GIVEN RECORDS |
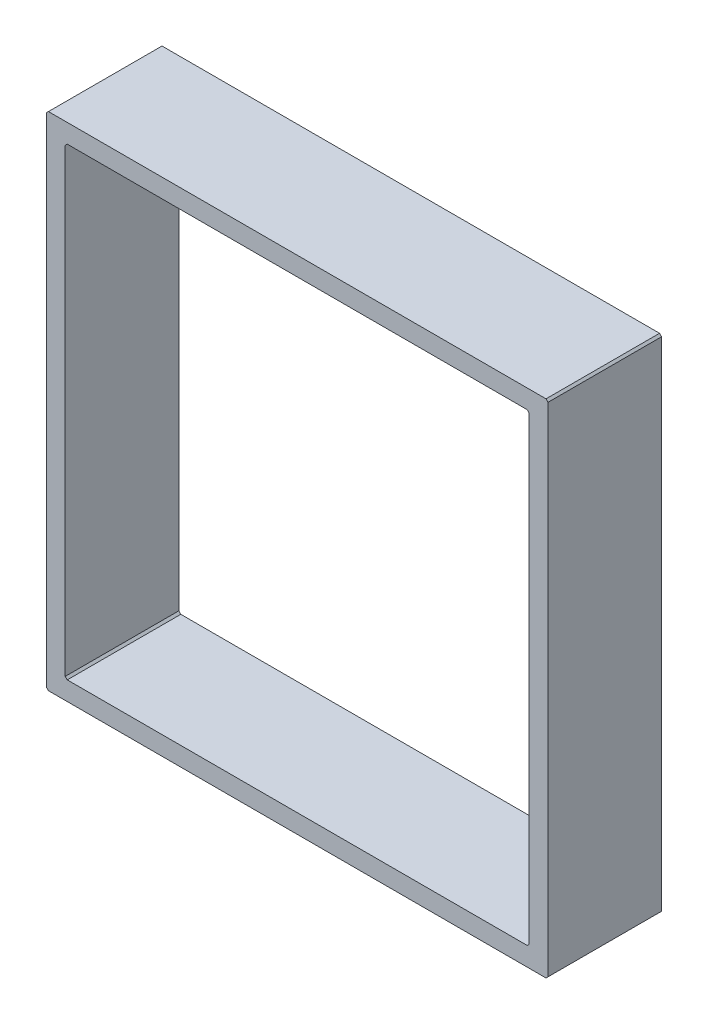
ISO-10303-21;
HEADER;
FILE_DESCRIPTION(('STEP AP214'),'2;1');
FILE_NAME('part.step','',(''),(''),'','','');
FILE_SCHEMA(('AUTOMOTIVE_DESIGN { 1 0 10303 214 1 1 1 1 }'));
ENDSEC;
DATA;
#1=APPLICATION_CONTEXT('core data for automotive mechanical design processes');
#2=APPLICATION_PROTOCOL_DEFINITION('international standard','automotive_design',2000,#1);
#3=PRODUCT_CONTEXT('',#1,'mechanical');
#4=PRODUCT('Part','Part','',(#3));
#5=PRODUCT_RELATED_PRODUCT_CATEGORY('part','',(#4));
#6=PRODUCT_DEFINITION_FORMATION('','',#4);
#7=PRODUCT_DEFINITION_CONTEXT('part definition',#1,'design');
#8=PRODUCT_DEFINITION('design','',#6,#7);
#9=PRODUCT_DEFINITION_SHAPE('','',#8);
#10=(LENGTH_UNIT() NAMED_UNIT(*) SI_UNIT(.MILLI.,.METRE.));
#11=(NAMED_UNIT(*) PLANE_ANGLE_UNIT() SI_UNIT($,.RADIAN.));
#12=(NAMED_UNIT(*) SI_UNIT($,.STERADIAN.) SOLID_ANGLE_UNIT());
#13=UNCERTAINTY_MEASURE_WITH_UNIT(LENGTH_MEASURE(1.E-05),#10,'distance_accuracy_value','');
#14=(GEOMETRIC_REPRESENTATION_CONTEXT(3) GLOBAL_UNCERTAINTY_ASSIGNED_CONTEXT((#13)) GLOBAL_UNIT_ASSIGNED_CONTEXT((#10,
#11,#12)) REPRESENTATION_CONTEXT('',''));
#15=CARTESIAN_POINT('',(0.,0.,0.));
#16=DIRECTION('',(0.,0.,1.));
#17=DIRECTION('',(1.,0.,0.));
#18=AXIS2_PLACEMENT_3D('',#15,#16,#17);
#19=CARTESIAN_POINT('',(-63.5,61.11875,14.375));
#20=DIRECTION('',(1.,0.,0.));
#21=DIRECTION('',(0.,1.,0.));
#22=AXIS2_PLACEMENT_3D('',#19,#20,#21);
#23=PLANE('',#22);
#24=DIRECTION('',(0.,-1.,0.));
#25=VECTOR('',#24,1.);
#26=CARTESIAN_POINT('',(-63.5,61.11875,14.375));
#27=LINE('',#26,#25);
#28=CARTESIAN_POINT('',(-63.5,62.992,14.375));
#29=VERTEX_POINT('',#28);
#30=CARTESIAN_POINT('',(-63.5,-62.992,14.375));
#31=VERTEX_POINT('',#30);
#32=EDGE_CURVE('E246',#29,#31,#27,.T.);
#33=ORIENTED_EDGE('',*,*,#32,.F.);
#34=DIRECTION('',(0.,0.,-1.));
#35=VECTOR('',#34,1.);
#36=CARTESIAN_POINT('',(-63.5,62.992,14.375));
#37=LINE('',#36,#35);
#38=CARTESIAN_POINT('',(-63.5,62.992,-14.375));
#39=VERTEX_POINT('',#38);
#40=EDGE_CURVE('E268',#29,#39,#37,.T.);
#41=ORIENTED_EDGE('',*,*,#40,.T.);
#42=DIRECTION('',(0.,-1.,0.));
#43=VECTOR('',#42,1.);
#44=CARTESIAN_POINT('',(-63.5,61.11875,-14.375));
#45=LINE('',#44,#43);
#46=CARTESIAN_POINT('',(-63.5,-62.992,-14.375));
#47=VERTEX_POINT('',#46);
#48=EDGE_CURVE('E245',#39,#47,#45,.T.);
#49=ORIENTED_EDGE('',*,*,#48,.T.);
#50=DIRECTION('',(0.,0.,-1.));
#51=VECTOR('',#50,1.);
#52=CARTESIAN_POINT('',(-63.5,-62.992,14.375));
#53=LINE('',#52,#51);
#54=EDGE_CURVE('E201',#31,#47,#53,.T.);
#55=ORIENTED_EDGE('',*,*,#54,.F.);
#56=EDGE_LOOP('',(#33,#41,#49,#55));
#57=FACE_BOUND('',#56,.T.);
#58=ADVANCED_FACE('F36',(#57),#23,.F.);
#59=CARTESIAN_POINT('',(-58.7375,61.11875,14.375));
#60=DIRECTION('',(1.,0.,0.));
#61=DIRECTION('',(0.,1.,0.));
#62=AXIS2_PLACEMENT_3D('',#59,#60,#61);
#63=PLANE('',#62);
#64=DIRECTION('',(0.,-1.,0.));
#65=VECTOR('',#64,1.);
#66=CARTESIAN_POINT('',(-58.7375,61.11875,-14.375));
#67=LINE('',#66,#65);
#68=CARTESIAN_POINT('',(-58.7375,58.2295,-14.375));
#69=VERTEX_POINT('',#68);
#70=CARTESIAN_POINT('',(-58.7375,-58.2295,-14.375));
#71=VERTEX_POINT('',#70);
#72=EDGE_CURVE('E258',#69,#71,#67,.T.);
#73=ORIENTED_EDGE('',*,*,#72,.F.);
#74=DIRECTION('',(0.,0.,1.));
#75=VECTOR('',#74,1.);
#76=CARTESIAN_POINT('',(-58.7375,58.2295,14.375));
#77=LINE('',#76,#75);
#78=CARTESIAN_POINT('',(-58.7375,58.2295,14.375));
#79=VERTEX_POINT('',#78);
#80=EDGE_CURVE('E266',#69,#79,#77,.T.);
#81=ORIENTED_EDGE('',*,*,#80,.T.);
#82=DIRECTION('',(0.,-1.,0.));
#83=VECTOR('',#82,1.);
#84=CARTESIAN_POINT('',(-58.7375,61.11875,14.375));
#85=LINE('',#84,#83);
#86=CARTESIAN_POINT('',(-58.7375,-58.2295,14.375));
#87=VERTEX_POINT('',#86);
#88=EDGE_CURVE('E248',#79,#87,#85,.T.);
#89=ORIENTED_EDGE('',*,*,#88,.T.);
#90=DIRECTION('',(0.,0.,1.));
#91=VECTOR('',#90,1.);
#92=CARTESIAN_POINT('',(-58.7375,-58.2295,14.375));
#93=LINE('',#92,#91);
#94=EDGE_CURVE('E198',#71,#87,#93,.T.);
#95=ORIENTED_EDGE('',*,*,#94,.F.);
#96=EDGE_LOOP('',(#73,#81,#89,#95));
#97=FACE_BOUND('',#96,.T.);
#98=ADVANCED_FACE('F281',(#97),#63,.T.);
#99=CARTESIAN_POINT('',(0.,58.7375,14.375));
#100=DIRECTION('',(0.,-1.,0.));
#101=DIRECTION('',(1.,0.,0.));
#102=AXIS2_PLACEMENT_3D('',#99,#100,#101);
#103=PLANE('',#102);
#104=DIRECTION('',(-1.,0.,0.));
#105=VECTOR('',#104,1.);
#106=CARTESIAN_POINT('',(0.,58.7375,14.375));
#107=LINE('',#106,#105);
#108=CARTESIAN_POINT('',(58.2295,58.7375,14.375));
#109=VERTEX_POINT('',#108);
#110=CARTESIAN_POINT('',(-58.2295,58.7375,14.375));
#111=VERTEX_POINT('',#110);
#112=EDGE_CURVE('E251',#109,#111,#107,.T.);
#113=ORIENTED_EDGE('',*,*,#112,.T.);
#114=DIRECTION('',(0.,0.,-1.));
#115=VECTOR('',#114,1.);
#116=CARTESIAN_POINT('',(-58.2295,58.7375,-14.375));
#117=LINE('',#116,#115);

ASSIGNMENT |
Leave out the pictures, and write out all the remaining data above exactly.

SOLUTION TO THE EXERCISE |
ISO-10303-21;
HEADER;
FILE_DESCRIPTION(('STEP AP214'),'2;1');
FILE_NAME('part.step','',(''),(''),'','','');
FILE_SCHEMA(('AUTOMOTIVE_DESIGN { 1 0 10303 214 1 1 1 1 }'));
ENDSEC;
DATA;
#1=APPLICATION_CONTEXT('core data for automotive mechanical design processes');
#2=APPLICATION_PROTOCOL_DEFINITION('international standard','automotive_design',2000,#1);
#3=PRODUCT_CONTEXT('',#1,'mechanical');
#4=PRODUCT('Part','Part','',(#3));
#5=PRODUCT_RELATED_PRODUCT_CATEGORY('part','',(#4));
#6=PRODUCT_DEFINITION_FORMATION('','',#4);
#7=PRODUCT_DEFINITION_CONTEXT('part definition',#1,'design');
#8=PRODUCT_DEFINITION('design','',#6,#7);
#9=PRODUCT_DEFINITION_SHAPE('','',#8);
#10=(LENGTH_UNIT() NAMED_UNIT(*) SI_UNIT(.MILLI.,.METRE.));
#11=(NAMED_UNIT(*) PLANE_ANGLE_UNIT() SI_UNIT($,.RADIAN.));
#12=(NAMED_UNIT(*) SI_UNIT($,.STERADIAN.) SOLID_ANGLE_UNIT());
#13=UNCERTAINTY_MEASURE_WITH_UNIT(LENGTH_MEASURE(1.E-05),#10,'distance_accuracy_value','');
#14=(GEOMETRIC_REPRESENTATION_CONTEXT(3) GLOBAL_UNCERTAINTY_ASSIGNED_CONTEXT((#13)) GLOBAL_UNIT_ASSIGNED_CONTEXT((#10,
#11,#12)) REPRESENTATION_CONTEXT('',''));
#15=CARTESIAN_POINT('',(0.,0.,0.));
#16=DIRECTION('',(0.,0.,1.));
#17=DIRECTION('',(1.,0.,0.));
#18=AXIS2_PLACEMENT_3D('',#15,#16,#17);
#19=CARTESIAN_POINT('',(-63.5,61.11875,14.375));
#20=DIRECTION('',(1.,0.,0.));
#21=DIRECTION('',(0.,1.,0.));
#22=AXIS2_PLACEMENT_3D('',#19,#20,#21);
#23=PLANE('',#22);
#24=DIRECTION('',(0.,-1.,0.));
#25=VECTOR('',#24,1.);
#26=CARTESIAN_POINT('',(-63.5,61.11875,14.375));
#27=LINE('',#26,#25);
#28=CARTESIAN_POINT('',(-63.5,62.992,14.375));
#29=VERTEX_POINT('',#28);
#30=CARTESIAN_POINT('',(-63.5,-62.992,14.375));
#31=VERTEX_POINT('',#30);
#32=EDGE_CURVE('E246',#29,#31,#27,.T.);
#33=ORIENTED_EDGE('',*,*,#32,.F.);
#34=DIRECTION('',(0.,0.,-1.));
#35=VECTOR('',#34,1.);
#36=CARTESIAN_POINT('',(-63.5,62.992,14.375));
#37=LINE('',#36,#35);
#38=CARTESIAN_POINT('',(-63.5,62.992,-14.375));
#39=VERTEX_POINT('',#38);
#40=EDGE_CURVE('E268',#29,#39,#37,.T.);
#41=ORIENTED_EDGE('',*,*,#40,.T.);
#42=DIRECTION('',(0.,-1.,0.));
#43=VECTOR('',#42,1.);
#44=CARTESIAN_POINT('',(-63.5,61.11875,-14.375));
#45=LINE('',#44,#43);
#46=CARTESIAN_POINT('',(-63.5,-62.992,-14.375));
#47=VERTEX_POINT('',#46);
#48=EDGE_CURVE('E245',#39,#47,#45,.T.);
#49=ORIENTED_EDGE('',*,*,#48,.T.);
#50=DIRECTION('',(0.,0.,-1.));
#51=VECTOR('',#50,1.);
#52=CARTESIAN_POINT('',(-63.5,-62.992,14.375));
#53=LINE('',#52,#51);
#54=EDGE_CURVE('E201',#31,#47,#53,.T.);
#55=ORIENTED_EDGE('',*,*,#54,.F.);
#56=EDGE_LOOP('',(#33,#41,#49,#55));
#57=FACE_BOUND('',#56,.T.);
#58=ADVANCED_FACE('F36',(#57),#23,.F.);
#59=CARTESIAN_POINT('',(-58.7375,61.11875,14.375));
#60=DIRECTION('',(1.,0.,0.));
#61=DIRECTION('',(0.,1.,0.));
#62=AXIS2_PLACEMENT_3D('',#59,#60,#61);
#63=PLANE('',#62);
#64=DIRECTION('',(0.,-1.,0.));
#65=VECTOR('',#64,1.);
#66=CARTESIAN_POINT('',(-58.7375,61.11875,-14.375));
#67=LINE('',#66,#65);
#68=CARTESIAN_POINT('',(-58.7375,58.2295,-14.375));
#69=VERTEX_POINT('',#68);
#70=CARTESIAN_POINT('',(-58.7375,-58.2295,-14.375));
#71=VERTEX_POINT('',#70);
#72=EDGE_CURVE('E258',#69,#71,#67,.T.);
#73=ORIENTED_EDGE('',*,*,#72,.F.);
#74=DIRECTION('',(0.,0.,1.));
#75=VECTOR('',#74,1.);
#76=CARTESIAN_POINT('',(-58.7375,58.2295,14.375));
#77=LINE('',#76,#75);
#78=CARTESIAN_POINT('',(-58.7375,58.2295,14.375));
#79=VERTEX_POINT('',#78);
#80=EDGE_CURVE('E266',#69,#79,#77,.T.);
#81=ORIENTED_EDGE('',*,*,#80,.T.);
#82=DIRECTION('',(0.,-1.,0.));
#83=VECTOR('',#82,1.);
#84=CARTESIAN_POINT('',(-58.7375,61.11875,14.375));
#85=LINE('',#84,#83);
#86=CARTESIAN_POINT('',(-58.7375,-58.2295,14.375));
#87=VERTEX_POINT('',#86);
#88=EDGE_CURVE('E248',#79,#87,#85,.T.);
#89=ORIENTED_EDGE('',*,*,#88,.T.);
#90=DIRECTION('',(0.,0.,1.));
#91=VECTOR('',#90,1.);
#92=CARTESIAN_POINT('',(-58.7375,-58.2295,14.375));
#93=LINE('',#92,#91);
#94=EDGE_CURVE('E198',#71,#87,#93,.T.);
#95=ORIENTED_EDGE('',*,*,#94,.F.);
#96=EDGE_LOOP('',(#73,#81,#89,#95));
#97=FACE_BOUND('',#96,.T.);
#98=ADVANCED_FACE('F281',(#97),#63,.T.);
#99=CARTESIAN_POINT('',(0.,58.7375,14.375));
#100=DIRECTION('',(0.,-1.,0.));
#101=DIRECTION('',(1.,0.,0.));
#102=AXIS2_PLACEMENT_3D('',#99,#100,#101);
#103=PLANE('',#102);
#104=DIRECTION('',(-1.,0.,0.));
#105=VECTOR('',#104,1.);
#106=CARTESIAN_POINT('',(0.,58.7375,14.375));
#107=LINE('',#106,#105);
#108=CARTESIAN_POINT('',(58.2295,58.7375,14.375));
#109=VERTEX_POINT('',#108);
#110=CARTESIAN_POINT('',(-58.2295,58.7375,14.375));
#111=VERTEX_POINT('',#110);
#112=EDGE_CURVE('E251',#109,#111,#107,.T.);
#113=ORIENTED_EDGE('',*,*,#112,.T.);
#114=DIRECTION('',(0.,0.,-1.));
#115=VECTOR('',#114,1.);
#116=CARTESIAN_POINT('',(-58.2295,58.7375,-14.375));
#117=LINE('',#116,#115);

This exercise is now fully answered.